Personal information
- Full name: Arthur Mitchell Wilson
- Date of birth: 24 August 1888
- Place of birth: South Melbourne
- Date of death: 19 December 1947 (aged 59)
- Place of death: Richmond, Victoria
- Original team(s): Scotch College
- Position(s): Back pocket/half-back

Playing career^{1}
- Years: Club / Games (Goals)
- 1909–1911: University / 51 (3)
- ^{1} Playing statistics correct to the end of 1911.

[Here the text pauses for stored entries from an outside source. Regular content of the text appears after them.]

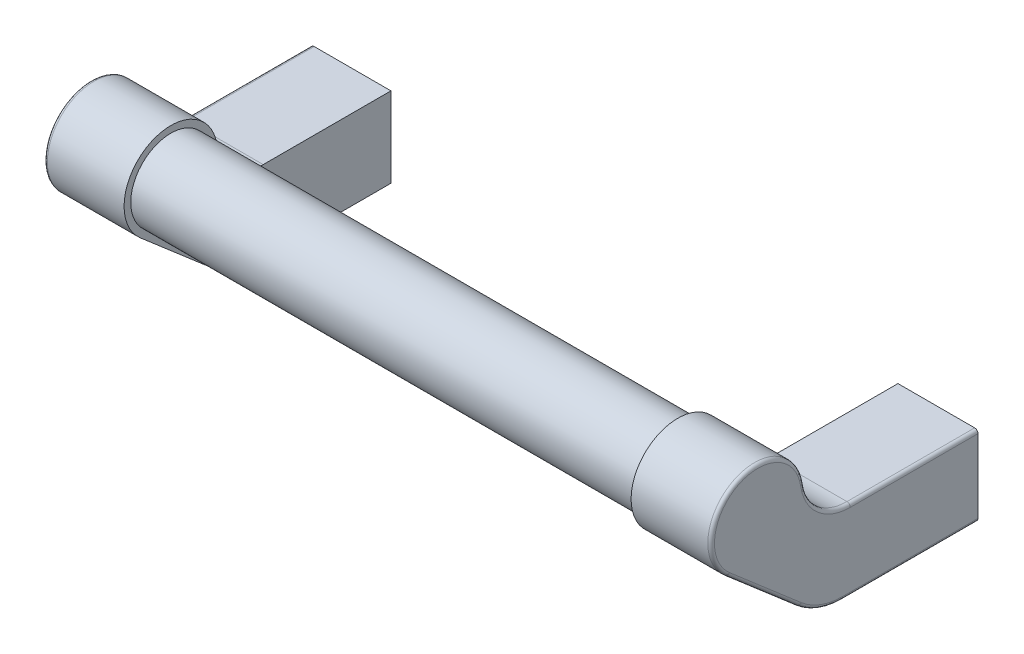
ISO-10303-21;
HEADER;
FILE_DESCRIPTION(('STEP AP214'),'2;1');
FILE_NAME('part.step','',(''),(''),'','','');
FILE_SCHEMA(('AUTOMOTIVE_DESIGN { 1 0 10303 214 1 1 1 1 }'));
ENDSEC;
DATA;
#1=APPLICATION_CONTEXT('core data for automotive mechanical design processes');
#2=APPLICATION_PROTOCOL_DEFINITION('international standard','automotive_design',2000,#1);
#3=PRODUCT_CONTEXT('',#1,'mechanical');
#4=PRODUCT('Part','Part','',(#3));
#5=PRODUCT_RELATED_PRODUCT_CATEGORY('part','',(#4));
#6=PRODUCT_DEFINITION_FORMATION('','',#4);
#7=PRODUCT_DEFINITION_CONTEXT('part definition',#1,'design');
#8=PRODUCT_DEFINITION('design','',#6,#7);
#9=PRODUCT_DEFINITION_SHAPE('','',#8);
#10=(LENGTH_UNIT() NAMED_UNIT(*) SI_UNIT(.MILLI.,.METRE.));
#11=(NAMED_UNIT(*) PLANE_ANGLE_UNIT() SI_UNIT($,.RADIAN.));
#12=(NAMED_UNIT(*) SI_UNIT($,.STERADIAN.) SOLID_ANGLE_UNIT());
#13=UNCERTAINTY_MEASURE_WITH_UNIT(LENGTH_MEASURE(1.E-05),#10,'distance_accuracy_value','');
#14=(GEOMETRIC_REPRESENTATION_CONTEXT(3) GLOBAL_UNCERTAINTY_ASSIGNED_CONTEXT((#13)) GLOBAL_UNIT_ASSIGNED_CONTEXT((#10,
#11,#12)) REPRESENTATION_CONTEXT('',''));
#15=CARTESIAN_POINT('',(0.,0.,0.));
#16=DIRECTION('',(0.,0.,1.));
#17=DIRECTION('',(1.,0.,0.));
#18=AXIS2_PLACEMENT_3D('',#15,#16,#17);
#19=CARTESIAN_POINT('',(94.,-6.,20.284802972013));
#20=DIRECTION('',(0.,1.,0.));
#21=DIRECTION('',(0.,0.,1.));
#22=AXIS2_PLACEMENT_3D('',#19,#20,#21);
#23=PLANE('',#22);
#24=DIRECTION('',(-1.,0.,0.));
#25=VECTOR('',#24,1.);
#26=CARTESIAN_POINT('',(94.,-6.,0.));
#27=LINE('',#26,#25);
#28=CARTESIAN_POINT('',(93.5,-6.,0.));
#29=VERTEX_POINT('',#28);
#30=CARTESIAN_POINT('',(82.,-6.,0.));
#31=VERTEX_POINT('',#30);
#32=EDGE_CURVE('E157',#29,#31,#27,.T.);
#33=ORIENTED_EDGE('',*,*,#32,.F.);
#34=DIRECTION('',(0.,0.,-1.));
#35=VECTOR('',#34,1.);
#36=CARTESIAN_POINT('',(93.5,-6.,20.284802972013));
#37=LINE('',#36,#35);
#38=CARTESIAN_POINT('',(93.5,-6.,20.284802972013));
#39=VERTEX_POINT('',#38);
#40=EDGE_CURVE('E29',#29,#39,#37,.F.);
#41=ORIENTED_EDGE('',*,*,#40,.T.);
#42=DIRECTION('',(-1.,0.,0.));
#43=VECTOR('',#42,1.);
#44=CARTESIAN_POINT('',(94.,-6.,20.284802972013));
#45=LINE('',#44,#43);
#46=CARTESIAN_POINT('',(82.,-6.,20.284802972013));
#47=VERTEX_POINT('',#46);
#48=EDGE_CURVE('E179',#39,#47,#45,.T.);
#49=ORIENTED_EDGE('',*,*,#48,.T.);
#50=DIRECTION('',(0.,0.,-1.));
#51=VECTOR('',#50,1.);
#52=CARTESIAN_POINT('',(82.,-6.,20.284802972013));
#53=LINE('',#52,#51);
#54=EDGE_CURVE('E174',#47,#31,#53,.T.);
#55=ORIENTED_EDGE('',*,*,#54,.T.);
#56=EDGE_LOOP('',(#33,#41,#49,#55));
#57=FACE_BOUND('',#56,.T.);
#58=ADVANCED_FACE('F14',(#57),#23,.F.);
#59=CARTESIAN_POINT('',(94.,-6.,0.));
#60=DIRECTION('',(0.,0.,1.));
#61=DIRECTION('',(1.,0.,0.));
#62=AXIS2_PLACEMENT_3D('',#59,#60,#61);
#63=PLANE('',#62);
#64=CARTESIAN_POINT('',(88.,0.,0.));
#65=DIRECTION('',(0.,0.,1.));
#66=DIRECTION('',(1.,0.,0.));
#67=AXIS2_PLACEMENT_3D('',#64,#65,#66);
#68=CIRCLE('',#67,2.4);
#69=CARTESIAN_POINT('',(90.4,0.,0.));
#70=VERTEX_POINT('',#69);
#71=EDGE_CURVE('E9',#70,#70,#68,.T.);
#72=ORIENTED_EDGE('',*,*,#71,.T.);
#73=EDGE_LOOP('',(#72));
#74=FACE_BOUND('',#73,.T.);
#75=DIRECTION('',(-1.,0.,0.));
#76=VECTOR('',#75,1.);
#77=CARTESIAN_POINT('',(94.,6.,0.));
#78=LINE('',#77,#76);
#79=CARTESIAN_POINT('',(93.5,6.,0.));
#80=VERTEX_POINT('',#79);
#81=CARTESIAN_POINT('',(82.,6.,0.));
#82=VERTEX_POINT('',#81);
#83=EDGE_CURVE('E168',#80,#82,#78,.T.);
#84=ORIENTED_EDGE('',*,*,#83,.F.);
#85=CARTESIAN_POINT('',(93.5,5.5,0.));
#86=DIRECTION('',(0.,0.,1.));
#87=DIRECTION('',(1.,0.,0.));
#88=AXIS2_PLACEMENT_3D('',#85,#86,#87);
#89=CIRCLE('',#88,0.5);
#90=CARTESIAN_POINT('',(94.,5.5,0.));
#91=VERTEX_POINT('',#90);
#92=EDGE_CURVE('E330',#80,#91,#89,.F.);
#93=ORIENTED_EDGE('',*,*,#92,.T.);
#94=DIRECTION('',(0.,1.,0.));
#95=VECTOR('',#94,1.);
#96=CARTESIAN_POINT('',(94.,-6.,0.));
#97=LINE('',#96,#95);
#98=CARTESIAN_POINT('',(94.,-5.5,0.));
#99=VERTEX_POINT('',#98);
#100=EDGE_CURVE('E187',#99,#91,#97,.T.);
#101=ORIENTED_EDGE('',*,*,#100,.F.);
#102=CARTESIAN_POINT('',(93.5,-5.5,0.));
#103=DIRECTION('',(0.,0.,1.));
#104=DIRECTION('',(1.,0.,0.));
#105=AXIS2_PLACEMENT_3D('',#102,#103,#104);
#106=CIRCLE('',#105,0.5);
#107=EDGE_CURVE('E165',#99,#29,#106,.F.);
#108=ORIENTED_EDGE('',*,*,#107,.T.);
#109=ORIENTED_EDGE('',*,*,#32,.T.);
#110=DIRECTION('',(0.,1.,0.));
#111=VECTOR('',#110,1.);
#112=CARTESIAN_POINT('',(82.,-6.,0.));
#113=LINE('',#112,#111);
#114=EDGE_CURVE('E161',#31,#82,#113,.T.);
#115=ORIENTED_EDGE('',*,*,#114,.T.);
#116=EDGE_LOOP('',(#84,#93,#101,#108,#109,#115));
#117=FACE_BOUND('',#116,.T.);
#118=ADVANCED_FACE('F160',(#74,#117),#63,.F.);
#119=CARTESIAN_POINT('',(94.,6.,0.));
#120=DIRECTION('',(0.,-1.,0.));
#121=DIRECTION('',(0.,0.,-1.));
#122=AXIS2_PLACEMENT_3D('',#119,#120,#121);
#123=PLANE('',#122);
#124=DIRECTION('',(-1.,0.,0.));
#125=VECTOR('',#124,1.);
#126=CARTESIAN_POINT('',(94.,6.,19.143593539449));
#127=LINE('',#126,#125);
#128=CARTESIAN_POINT('',(93.5,6.,19.143593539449));
#129=VERTEX_POINT('',#128);
#130=CARTESIAN_POINT('',(82.,6.,19.143593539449));
#131=VERTEX_POINT('',#130);
#132=EDGE_CURVE('E209',#129,#131,#127,.T.);
#133=ORIENTED_EDGE('',*,*,#132,.F.);
#134=DIRECTION('',(0.,0.,1.));
#135=VECTOR('',#134,1.);
#136=CARTESIAN_POINT('',(93.5,6.,0.));
#137=LINE('',#136,#135);
#138=EDGE_CURVE('E327',#129,#80,#137,.F.);
#139=ORIENTED_EDGE('',*,*,#138,.T.);
#140=ORIENTED_EDGE('',*,*,#83,.T.);
#141=DIRECTION('',(0.,0.,1.));
#142=VECTOR('',#141,1.);
#143=CARTESIAN_POINT('',(82.,6.,0.));
#144=LINE('',#143,#142);
#145=EDGE_CURVE('E177',#82,#131,#144,.T.);
#146=ORIENTED_EDGE('',*,*,#145,.T.);
#147=EDGE_LOOP('',(#133,#139,#140,#146));
#148=FACE_BOUND('',#147,.T.);
#149=ADVANCED_FACE('F371',(#148),#123,.F.);
#150=CARTESIAN_POINT('',(94.,13.,19.143593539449));
#151=DIRECTION('',(-1.,0.,0.));
#152=DIRECTION('',(0.,0.,1.));
#153=AXIS2_PLACEMENT_3D('',#150,#151,#152);
#154=CYLINDRICAL_SURFACE('',#153,7.);
#155=DIRECTION('',(-1.,0.,0.));
#156=VECTOR('',#155,1.);
#157=CARTESIAN_POINT('',(94.,12.,26.0717967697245));
#158=LINE('',#157,#156);
#159=CARTESIAN_POINT('',(93.5,12.,26.0717967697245));
#160=VERTEX_POINT('',#159);
#161=CARTESIAN_POINT('',(82.,12.,26.0717967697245));
#162=VERTEX_POINT('',#161);
#163=EDGE_CURVE('E207',#160,#162,#158,.T.);
#164=ORIENTED_EDGE('',*,*,#163,.F.);
#165=CARTESIAN_POINT('',(93.5,13.,19.143593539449));
#166=DIRECTION('',(1.,0.,0.));
#167=DIRECTION('',(0.,0.,-1.));
#168=AXIS2_PLACEMENT_3D('',#165,#166,#167);
#169=CIRCLE('',#168,7.);
#170=EDGE_CURVE('E332',#160,#129,#169,.T.);
#171=ORIENTED_EDGE('',*,*,#170,.T.);
#172=ORIENTED_EDGE('',*,*,#132,.T.);
#173=CARTESIAN_POINT('',(82.,13.,19.143593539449));
#174=DIRECTION('',(-1.,0.,0.));
#175=DIRECTION('',(0.,0.,-1.));
#176=AXIS2_PLACEMENT_3D('',#173,#174,#175);
#177=CIRCLE('',#176,7.);
#178=EDGE_CURVE('E191',#131,#162,#177,.T.);
#179=ORIENTED_EDGE('',*,*,#178,.T.);
#180=EDGE_LOOP('',(#164,#171,#172,#179));
#181=FACE_BOUND('',#180,.T.);
#182=ADVANCED_FACE('F606',(#181),#154,.F.);
#183=CARTESIAN_POINT('',(94.,11.,33.));
#184=DIRECTION('',(-1.,0.,0.));
#185=DIRECTION('',(0.,0.,1.));
#186=AXIS2_PLACEMENT_3D('',#183,#184,#185);
#187=CYLINDRICAL_SURFACE('',#186,7.);
#188=DIRECTION('',(-1.,0.,0.));
#189=VECTOR('',#188,1.);
#190=CARTESIAN_POINT('',(94.,5.69800597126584,37.5704331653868));
#191=LINE('',#190,#189);
#192=CARTESIAN_POINT('',(93.5,5.69800597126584,37.5704331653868));
#193=VERTEX_POINT('',#192);
#194=CARTESIAN_POINT('',(82.,5.69800597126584,37.5704331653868));
#195=VERTEX_POINT('',#194);
#196=EDGE_CURVE('E205',#193,#195,#191,.T.);
#197=ORIENTED_EDGE('',*,*,#196,.F.);
#198=CARTESIAN_POINT('',(93.5,11.,33.));
#199=DIRECTION('',(1.,0.,0.));
#200=DIRECTION('',(0.,0.,-1.));
#201=AXIS2_PLACEMENT_3D('',#198,#199,#200);
#202=CIRCLE('',#201,7.);
#203=EDGE_CURVE('E334',#193,#160,#202,.F.);
#204=ORIENTED_EDGE('',*,*,#203,.T.);
#205=ORIENTED_EDGE('',*,*,#163,.T.);
#206=CARTESIAN_POINT('',(82.,11.,33.));
#207=DIRECTION('',(1.,0.,0.));
#208=DIRECTION('',(0.,0.,-1.));
#209=AXIS2_PLACEMENT_3D('',#206,#207,#208);
#210=CIRCLE('',#209,7.);
#211=EDGE_CURVE('E194',#162,#195,#210,.T.);
#212=ORIENTED_EDGE('',*,*,#211,.T.);
#213=EDGE_LOOP('',(#197,#204,#205,#212));
#214=FACE_BOUND('',#213,.T.);
#215=ADVANCED_FACE('F598',(#214),#187,.T.);
#216=CARTESIAN_POINT('',(94.,5.69800597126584,37.5704331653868));
#217=DIRECTION('',(0.,0.757427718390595,-0.65291902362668));
#218=DIRECTION('',(0.,0.65291902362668,0.757427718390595));
#219=AXIS2_PLACEMENT_3D('',#216,#217,#218);
#220=PLANE('',#219);
#221=DIRECTION('',(-1.,0.,0.));
#222=VECTOR('',#221,1.);
#223=CARTESIAN_POINT('',(94.,-3.57427718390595,26.8139932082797));
#224=LINE('',#223,#222);
#225=CARTESIAN_POINT('',(93.5,-3.57427718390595,26.8139932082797));
#226=VERTEX_POINT('',#225);
#227=CARTESIAN_POINT('',(82.,-3.57427718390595,26.8139932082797));
#228=VERTEX_POINT('',#227);
#229=EDGE_CURVE('E203',#226,#228,#224,.T.);
#230=ORIENTED_EDGE('',*,*,#229,.F.);
#231=DIRECTION('',(0.,-0.65291902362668,-0.757427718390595));
#232=VECTOR('',#231,1.);
#233=CARTESIAN_POINT('',(93.5,5.69800597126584,37.5704331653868));
#234=LINE('',#233,#232);
#235=EDGE_CURVE('E336',#226,#193,#234,.F.);
#236=ORIENTED_EDGE('',*,*,#235,.T.);
#237=ORIENTED_EDGE('',*,*,#196,.T.);
#238=DIRECTION('',(0.,-0.65291902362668,-0.757427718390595));
#239=VECTOR('',#238,1.);
#240=CARTESIAN_POINT('',(82.,5.69800597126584,37.5704331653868));
#241=LINE('',#240,#239);
#242=EDGE_CURVE('E197',#195,#228,#241,.T.);
#243=ORIENTED_EDGE('',*,*,#242,.T.);
#244=EDGE_LOOP('',(#230,#236,#237,#243));
#245=FACE_BOUND('',#244,.T.);
#246=ADVANCED_FACE('F591',(#245),#220,.F.);
#247=CARTESIAN_POINT('',(94.,4.,20.284802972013));
#248=DIRECTION('',(-1.,0.,0.));
#249=DIRECTION('',(0.,0.,1.));
#250=AXIS2_PLACEMENT_3D('',#247,#248,#249);
#251=CYLINDRICAL_SURFACE('',#250,10.);
#252=ORIENTED_EDGE('',*,*,#48,.F.);
#253=CARTESIAN_POINT('',(93.5,4.,20.284802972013));
#254=DIRECTION('',(1.,0.,0.));
#255=DIRECTION('',(0.,0.,-1.));
#256=AXIS2_PLACEMENT_3D('',#253,#254,#255);
#257=CIRCLE('',#256,10.);
#258=EDGE_CURVE('E36',#39,#226,#257,.F.);
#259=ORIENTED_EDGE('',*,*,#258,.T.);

= Arthur Wilson (gynaecologist) =

Arthur Mitchell Wilson (24 August 1888 – 19 December 1947) DSO was a gynaecologist and obstetrician and an Australian rules footballer who played for the University Football Club in the Victorian Football League (VFL).

He was a foundation fellow of the Royal College of Obstetricians and Gynaecologists.

The Arthur Wilson Memorial Scholarship was established in 1987 with funds from the Arthur Wilson Memorial Foundation. The Foundation had been created in 1951 after a public appeal was launched to perpetuate the memory of Arthur Wilson, an outstanding gynaecologist and obstetrician. The Foundation raised funds for the Arthur Wilson Memorial Wing (1954) to be built as an extension to the south side of the Royal Society of Victoria's Hall (1859) at 8 La Trobe St, Melbourne to house the Royal Australian College of Obstetricians and Gynaecologists.

His son Mac played league football for Melbourne in the 1940s.